:: DATA EXTRACT
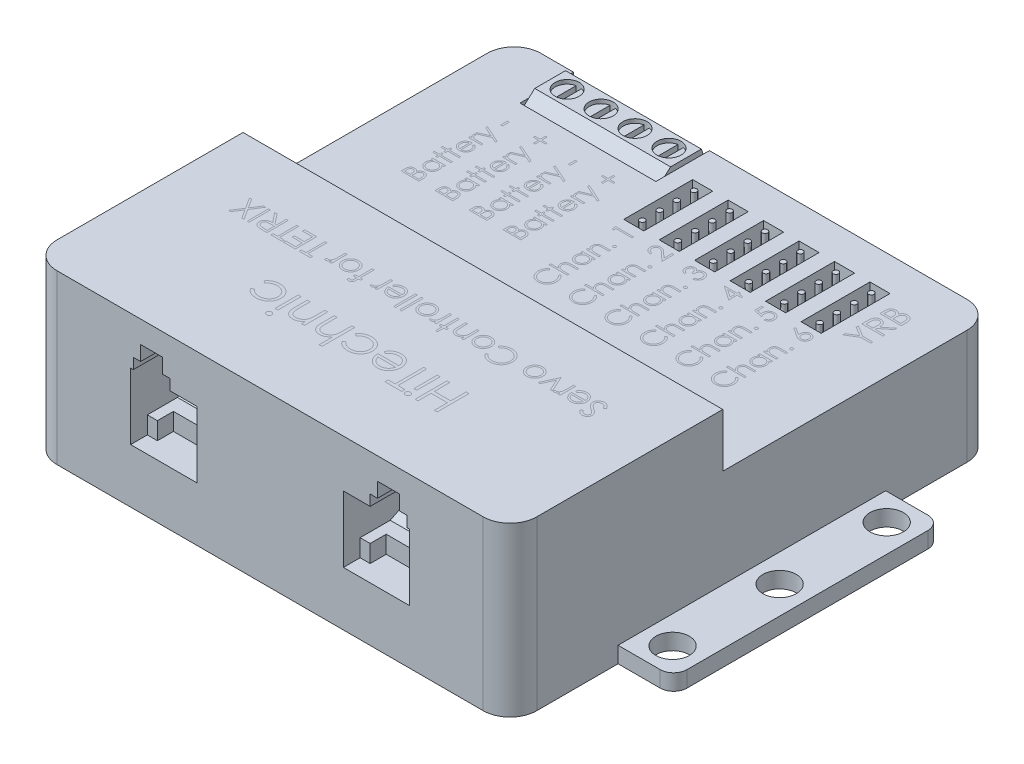
from build123d import *

# Parameters (mm, degrees)
BOSS_EXTRUDE1_DEPTH  = 35.85
SKETCH2_W            = 9.9
SKETCH2_H            = 9.9
CUT_EXTRUDE1_DEPTH   = 13
BOSS_EXTRUDE2_DEPTH  = 9.9
SKETCH3_3_W          = 2.4
SKETCH3_3_H          = 2.6
BOSS_EXTRUDE3_DEPTH  = 1.5
BOSS_EXTRUDE4_START  = 9.9
SKETCH3_4_W          = 2.4
SKETCH3_4_H          = 2.6
BOSS_EXTRUDE4_DEPTH  = 1.5
SKETCH4_W            = 20.3
SKETCH4_H            = 8
CUT_EXTRUDE2_DEPTH   = 9
BOSS_EXTRUDE5_DEPTH  = 20.3
SKETCH6_R            = 1.75
CUT_EXTRUDE3_DEPTH   = 6
CUT_EXTRUDE4_DEPTH   = 0.6
CUT_EXTRUDE5_DEPTH   = 2
SKETCH8_W            = 3
SKETCH8_H            = 10.3
SKETCH8_R            = 0.4
CUT_EXTRUDE6_DEPTH   = 4
SKETCH9_W            = 8.3
SKETCH9_H            = 40
SKETCH9_R            = 2.5
BOSS_EXTRUDE6_DEPTH  = 2.4
FILLET1_R            = 2
FILLET1_OF_MIRROR4_R = 2
FILLET2_R            = 4
SKETCH12_W           = 20.3
SKETCH12_H           = 8
BOSS_EXTRUDE7_DEPTH  = 9
LPATTERN1_COUNT      = 3
LPATTERN1_PITCH      = 10.6


with BuildPart() as part:
    # Sketch1 → Boss-Extrude1 (new, symmetric)
    with BuildSketch(Plane(origin=(0, 0, 0), x_dir=(0, 0, -1), z_dir=(1, 0, 0))):
        Polygon((-36.15, 0), (36.15, 0), (36.15, 17.1), (-4.35, 17.1), (-4.35, 25.1), (-36.15, 25.1), align=None)
    extrude(amount=BOSS_EXTRUDE1_DEPTH, both=True)

    # Sketch2 → Cut-Extrude1 (cut)
    with BuildSketch(Plane.XY.offset(36.15)):
        Polygon((14.95, 19.6), (14.95, 18), (20.45, 18), (20.45, 19.6), (19.35, 19.6), (19.35, 21.8), (16.05, 21.8), (16.05, 19.6), align=None)
        with Locations((15.9, 13.05)):
            Rectangle(SKETCH2_W, SKETCH2_H)
    cut_extrude1 = extrude(amount=-CUT_EXTRUDE1_DEPTH, mode=Mode.SUBTRACT)

    # Sketch3 → Boss-Extrude2 (add)
    with BuildSketch(Plane.ZY.offset(-20.85)):
        Polygon((23.15, 8.1), (31.25, 8.1), (31.25, 10.7), (29.15, 10.7), (24.35, 13.1), (24.35, 15.1), (23.15, 15.1), align=None)
    boss_extrude2 = extrude(amount=BOSS_EXTRUDE2_DEPTH)

    # Sketch3<3> → Boss-Extrude3 (add)
    with BuildSketch(Plane.ZY.offset(-20.85)):
        with Locations((32.45, 9.4)):
            Rectangle(SKETCH3_3_W, SKETCH3_3_H)
    boss_extrude3 = extrude(amount=BOSS_EXTRUDE3_DEPTH)

    # Sketch3<4> → Boss-Extrude4 (add)
    with BuildSketch(Plane.ZY.offset(-20.85).offset(BOSS_EXTRUDE4_START)):
        with Locations((32.45, 9.4)):
            Rectangle(SKETCH3_4_W, SKETCH3_4_H)
    boss_extrude4 = extrude(amount=-BOSS_EXTRUDE4_DEPTH)

    # Mirror1: Cut-Extrude1, Boss-Extrude2, Boss-Extrude3, Boss-Extrude4 across plane
    add(cut_extrude1.mirror(Plane(origin=(0, 0, 0), x_dir=(0, 0, 1), z_dir=(1, 0, 0))), mode=Mode.SUBTRACT)
    add(boss_extrude2.mirror(Plane(origin=(0, 0, 0), x_dir=(0, 0, 1), z_dir=(1, 0, 0))))
    add(boss_extrude3.mirror(Plane(origin=(0, 0, 0), x_dir=(0, 0, 1), z_dir=(1, 0, 0))))
    add(boss_extrude4.mirror(Plane(origin=(0, 0, 0), x_dir=(0, 0, 1), z_dir=(1, 0, 0))))

    # Sketch4 → Cut-Extrude2 (cut)
    with BuildSketch(Plane(origin=(0, 17.1, 0), x_dir=(1, 0, 0), z_dir=(0, 1, 0))):
        with Locations((16.8, 32.15)):
            Rectangle(SKETCH4_W, SKETCH4_H)
    cut_extrude2 = extrude(amount=-CUT_EXTRUDE2_DEPTH, mode=Mode.SUBTRACT)

    # Mirror2: Cut-Extrude2 across plane
    add(cut_extrude2.mirror(Plane(origin=(0, 0, 0), x_dir=(0, 0, 1), z_dir=(1, 0, 0))), mode=Mode.SUBTRACT)

    # Sketch8 → Cut-Extrude6 (cut)
    # profile 1 of 2: a face of its own
    with BuildSketch(Plane(origin=(0, 17.1, 0), x_dir=(1, 0, 0), z_dir=(0, 1, 0))):
        with Locations((-2.65, 26)):
            Rectangle(SKETCH8_W, SKETCH8_H)
        with Locations(Location((-2.65, 29.8625, 0), (0, 0, 270))):
            Circle(SKETCH8_R, mode=Mode.SUBTRACT)
        with Locations(Location((-2.65, 27.2875, 0), (0, 0, 270))):
            Circle(SKETCH8_R, mode=Mode.SUBTRACT)
        with Locations(Location((-2.65, 24.7125, 0), (0, 0, 270))):
            Circle(SKETCH8_R, mode=Mode.SUBTRACT)
        with Locations(Location((-2.65, 22.1375, 0), (0, 0, 270))):
            Circle(SKETCH8_R, mode=Mode.SUBTRACT)
    # profile 2 of 2: a face of its own
    with BuildSketch(Plane(origin=(0, 17.1, 0), x_dir=(1, 0, 0), z_dir=(0, 1, 0))):
        with Locations((2.65, 26)):
            Rectangle(SKETCH8_W, SKETCH8_H)
        with Locations(Location((2.65, 22.1375, 0), (0, 0, 270))):
            Circle(SKETCH8_R, mode=Mode.SUBTRACT)
        with Locations(Location((2.65, 24.7125, 0), (0, 0, 270))):
            Circle(SKETCH8_R, mode=Mode.SUBTRACT)
        with Locations(Location((2.65, 27.2875, 0), (0, 0, 270))):
            Circle(SKETCH8_R, mode=Mode.SUBTRACT)
        with Locations(Location((2.65, 29.8625, 0), (0, 0, 270))):
            Circle(SKETCH8_R, mode=Mode.SUBTRACT)
    cut_extrude6 = extrude(amount=-CUT_EXTRUDE6_DEPTH, mode=Mode.SUBTRACT)

    # Sketch9 → Boss-Extrude6 (add)
    with BuildSketch(Plane.XZ):
        with Locations((40, 0)):
            Rectangle(SKETCH9_W, SKETCH9_H)
        with Locations(Location((40, -16, 0), (0, 0, 270))):
            Circle(SKETCH9_R, mode=Mode.SUBTRACT)
        with Locations(Location((40, 0, 0), (0, 0, 270))):
            Circle(SKETCH9_R, mode=Mode.SUBTRACT)
        with Locations(Location((40, 16, 0), (0, 0, 270))):
            Circle(SKETCH9_R, mode=Mode.SUBTRACT)
    boss_extrude6 = extrude(amount=-BOSS_EXTRUDE6_DEPTH)

    # Fillet1
    fillet1_edges = [part.edges().sort_by_distance(p)[0] for p in [
        (44.15, 1.2, 20),
        (44.15, 1.2, -20),
    ]]
    fillet(fillet1_edges, radius=FILLET1_R)

    # Mirror4: Boss-Extrude6 across plane
    add(boss_extrude6.mirror(Plane(origin=(0, 0, 0), x_dir=(0, 0, 1), z_dir=(1, 0, 0))))

    # Fillet1 of Mirror4
    fillet1_of_mirror4_edges = [part.edges().sort_by_distance(p)[0] for p in [
        (-44.15, 1.2, 20),
        (-44.15, 1.2, -20),
    ]]
    fillet(fillet1_of_mirror4_edges, radius=FILLET1_OF_MIRROR4_R)

    # Fillet2
    fillet2_edges = [part.edges().sort_by_distance(p)[0] for p in [
        (-35.85, 12.55, 36.15),
        (35.85, 12.55, 36.15),
        (-35.85, 8.55, -36.15),
        (35.85, 8.55, -36.15),
    ]]
    fillet(fillet2_edges, radius=FILLET2_R)

    # Sketch12 → Boss-Extrude7 (add)
    with BuildSketch(Plane(origin=(0, 8.1, 0), x_dir=(1, 0, 0), z_dir=(0, 1, 0))):
        with Locations((16.8, 32.15)):
            Rectangle(SKETCH12_W, SKETCH12_H)
    extrude(amount=BOSS_EXTRUDE7_DEPTH)

    # LPattern1: Cut-Extrude6 ×3
    with Locations(*[(i * LPATTERN1_PITCH, 0, 0) for i in range(1, LPATTERN1_COUNT)]):
        add(cut_extrude6, mode=Mode.SUBTRACT)


with BuildPart() as body_2:
    # Sketch5 → Boss-Extrude5 (new body)
    with BuildSketch(Plane(origin=(6.65, 0, 0), x_dir=(0, 0, -1), z_dir=(1, 0, 0))):
        Polygon((36.15, 8.1), (36.15, 14.3), (34.95, 17.9), (30.35, 17.9), (28.15, 15.9), (28.15, 8.1), align=None)
    extrude(amount=BOSS_EXTRUDE5_DEPTH)

    # Sketch6 → Cut-Extrude3 (cut)
    with BuildSketch(Plane(origin=(0, 0, -36.15), x_dir=(-1, 0, 0), z_dir=(0, 0, -1))):
        with Locations((-24.4125, 11.2)):
            Circle(SKETCH6_R)
        with Locations((-19.3375, 11.2)):
            Circle(SKETCH6_R)
        with Locations((-14.2625, 11.2)):
            Circle(SKETCH6_R)
        with Locations((-9.1875, 11.2)):
            Circle(SKETCH6_R)
    extrude(amount=-CUT_EXTRUDE3_DEPTH, mode=Mode.SUBTRACT)

    # Sketch7 → Cut-Extrude4 (cut)
    with BuildSketch(Plane(origin=(0, 17.9, 0), x_dir=(1, 0, 0), z_dir=(0, 1, 0))):
        with BuildLine():
            ThreePointArc((10.9875, 32.65), (10.594624728, 33.772497216), (9.5875, 34.404992877))
            Line((9.5875, 34.404992877), (9.5875, 30.895007123))
            ThreePointArc((9.5875, 30.895007123), (10.594624728, 31.527502784), (10.9875, 32.65))
        make_face()
        with BuildLine():
            Line((8.7875, 30.895007123), (8.7875, 34.404992877))
            ThreePointArc((8.7875, 34.404992877), (7.3875, 32.65), (8.7875, 30.895007123))
        make_face()
        with BuildLine():
            Line((13.8625, 30.895007123), (13.8625, 34.404992877))
            ThreePointArc((13.8625, 34.404992877), (12.4625, 32.65), (13.8625, 30.895007123))
        make_face()
        with BuildLine():
            ThreePointArc((16.0625, 32.65), (15.669624728, 33.772497216), (14.6625, 34.404992877))
            Line((14.6625, 34.404992877), (14.6625, 30.895007123))
            ThreePointArc((14.6625, 30.895007123), (15.669624728, 31.527502784), (16.0625, 32.65))
        make_face()
        with BuildLine():
            ThreePointArc((18.9375, 34.404992877), (17.5375, 32.65), (18.9375, 30.895007123))
            Line((18.9375, 30.895007123), (18.9375, 34.404992877))
        make_face()
        with BuildLine():
            Line((19.7375, 34.404992877), (19.7375, 30.895007123))
            ThreePointArc((19.7375, 30.895007123), (20.744624728, 31.527502784), (21.1375, 32.65))
            ThreePointArc((21.1375, 32.65), (20.744624728, 33.772497216), (19.7375, 34.404992877))
        make_face()
        with BuildLine():
            Line((24.0125, 30.895007123), (24.0125, 34.404992877))
            ThreePointArc((24.0125, 34.404992877), (22.6125, 32.65), (24.0125, 30.895007123))
        make_face()
        with BuildLine():
            ThreePointArc((26.2125, 32.65), (25.819624728, 33.772497216), (24.8125, 34.404992877))
            Line((24.8125, 34.404992877), (24.8125, 30.895007123))
            ThreePointArc((24.8125, 30.895007123), (25.819624728, 31.527502784), (26.2125, 32.65))
        make_face()
    extrude(amount=-CUT_EXTRUDE4_DEPTH, mode=Mode.SUBTRACT)

    # Sketch7<3> → Cut-Extrude5 (cut)
    with BuildSketch(Plane(origin=(0, 17.9, 0), x_dir=(1, 0, 0), z_dir=(0, 1, 0))):
        with BuildLine():
            Line((24.8125, 30.895007123), (24.8125, 34.404992877))
            ThreePointArc((24.8125, 34.404992877), (24.4125, 34.45), (24.0125, 34.404992877))
            Line((24.0125, 34.404992877), (24.0125, 30.895007123))
            ThreePointArc((24.0125, 30.895007123), (24.4125, 30.85), (24.8125, 30.895007123))
        make_face()
        with BuildLine():
            Line((18.9375, 34.404992877), (18.9375, 30.895007123))
            ThreePointArc((18.9375, 30.895007123), (19.3375, 30.85), (19.7375, 30.895007123))
            Line((19.7375, 30.895007123), (19.7375, 34.404992877))
            ThreePointArc((19.7375, 34.404992877), (19.3375, 34.45), (18.9375, 34.404992877))
        make_face()
        with BuildLine():
            ThreePointArc((14.6625, 34.404992877), (14.2625, 34.45), (13.8625, 34.404992877))
            Line((13.8625, 34.404992877), (13.8625, 30.895007123))
            ThreePointArc((13.8625, 30.895007123), (14.2625, 30.85), (14.6625, 30.895007123))
            Line((14.6625, 30.895007123), (14.6625, 34.404992877))
        make_face()
        with BuildLine():
            ThreePointArc((9.5875, 34.404992877), (9.1875, 34.45), (8.7875, 34.404992877))
            Line((8.7875, 34.404992877), (8.7875, 30.895007123))
            ThreePointArc((8.7875, 30.895007123), (9.1875, 30.85), (9.5875, 30.895007123))
            Line((9.5875, 30.895007123), (9.5875, 34.404992877))
        make_face()
    extrude(amount=-CUT_EXTRUDE5_DEPTH, mode=Mode.SUBTRACT)


with BuildPart() as body_3:
    # Mirror3: mirrored copy
    add(body_2.part.mirror(Plane(origin=(0, 0, 0), x_dir=(0, 0, 1), z_dir=(1, 0, 0))))


solid = Compound([part.part, body_3.part])
::::
__TASK DETAILS__
Look above for the line with "32.65), (18.9375, 30.895007123))" and the line with "31.527502784), (21.1375, 32.65))"; transcribe both and all lines in between, exactly, and nothing else.

__TASK OUTPUT__
            ThreePointArc((18.9375, 34.404992877), (17.5375, 32.65), (18.9375, 30.895007123))
            Line((18.9375, 30.895007123), (18.9375, 34.404992877))
        make_face()
        with BuildLine():
            Line((19.7375, 34.404992877), (19.7375, 30.895007123))
            ThreePointArc((19.7375, 30.895007123), (20.744624728, 31.527502784), (21.1375, 32.65))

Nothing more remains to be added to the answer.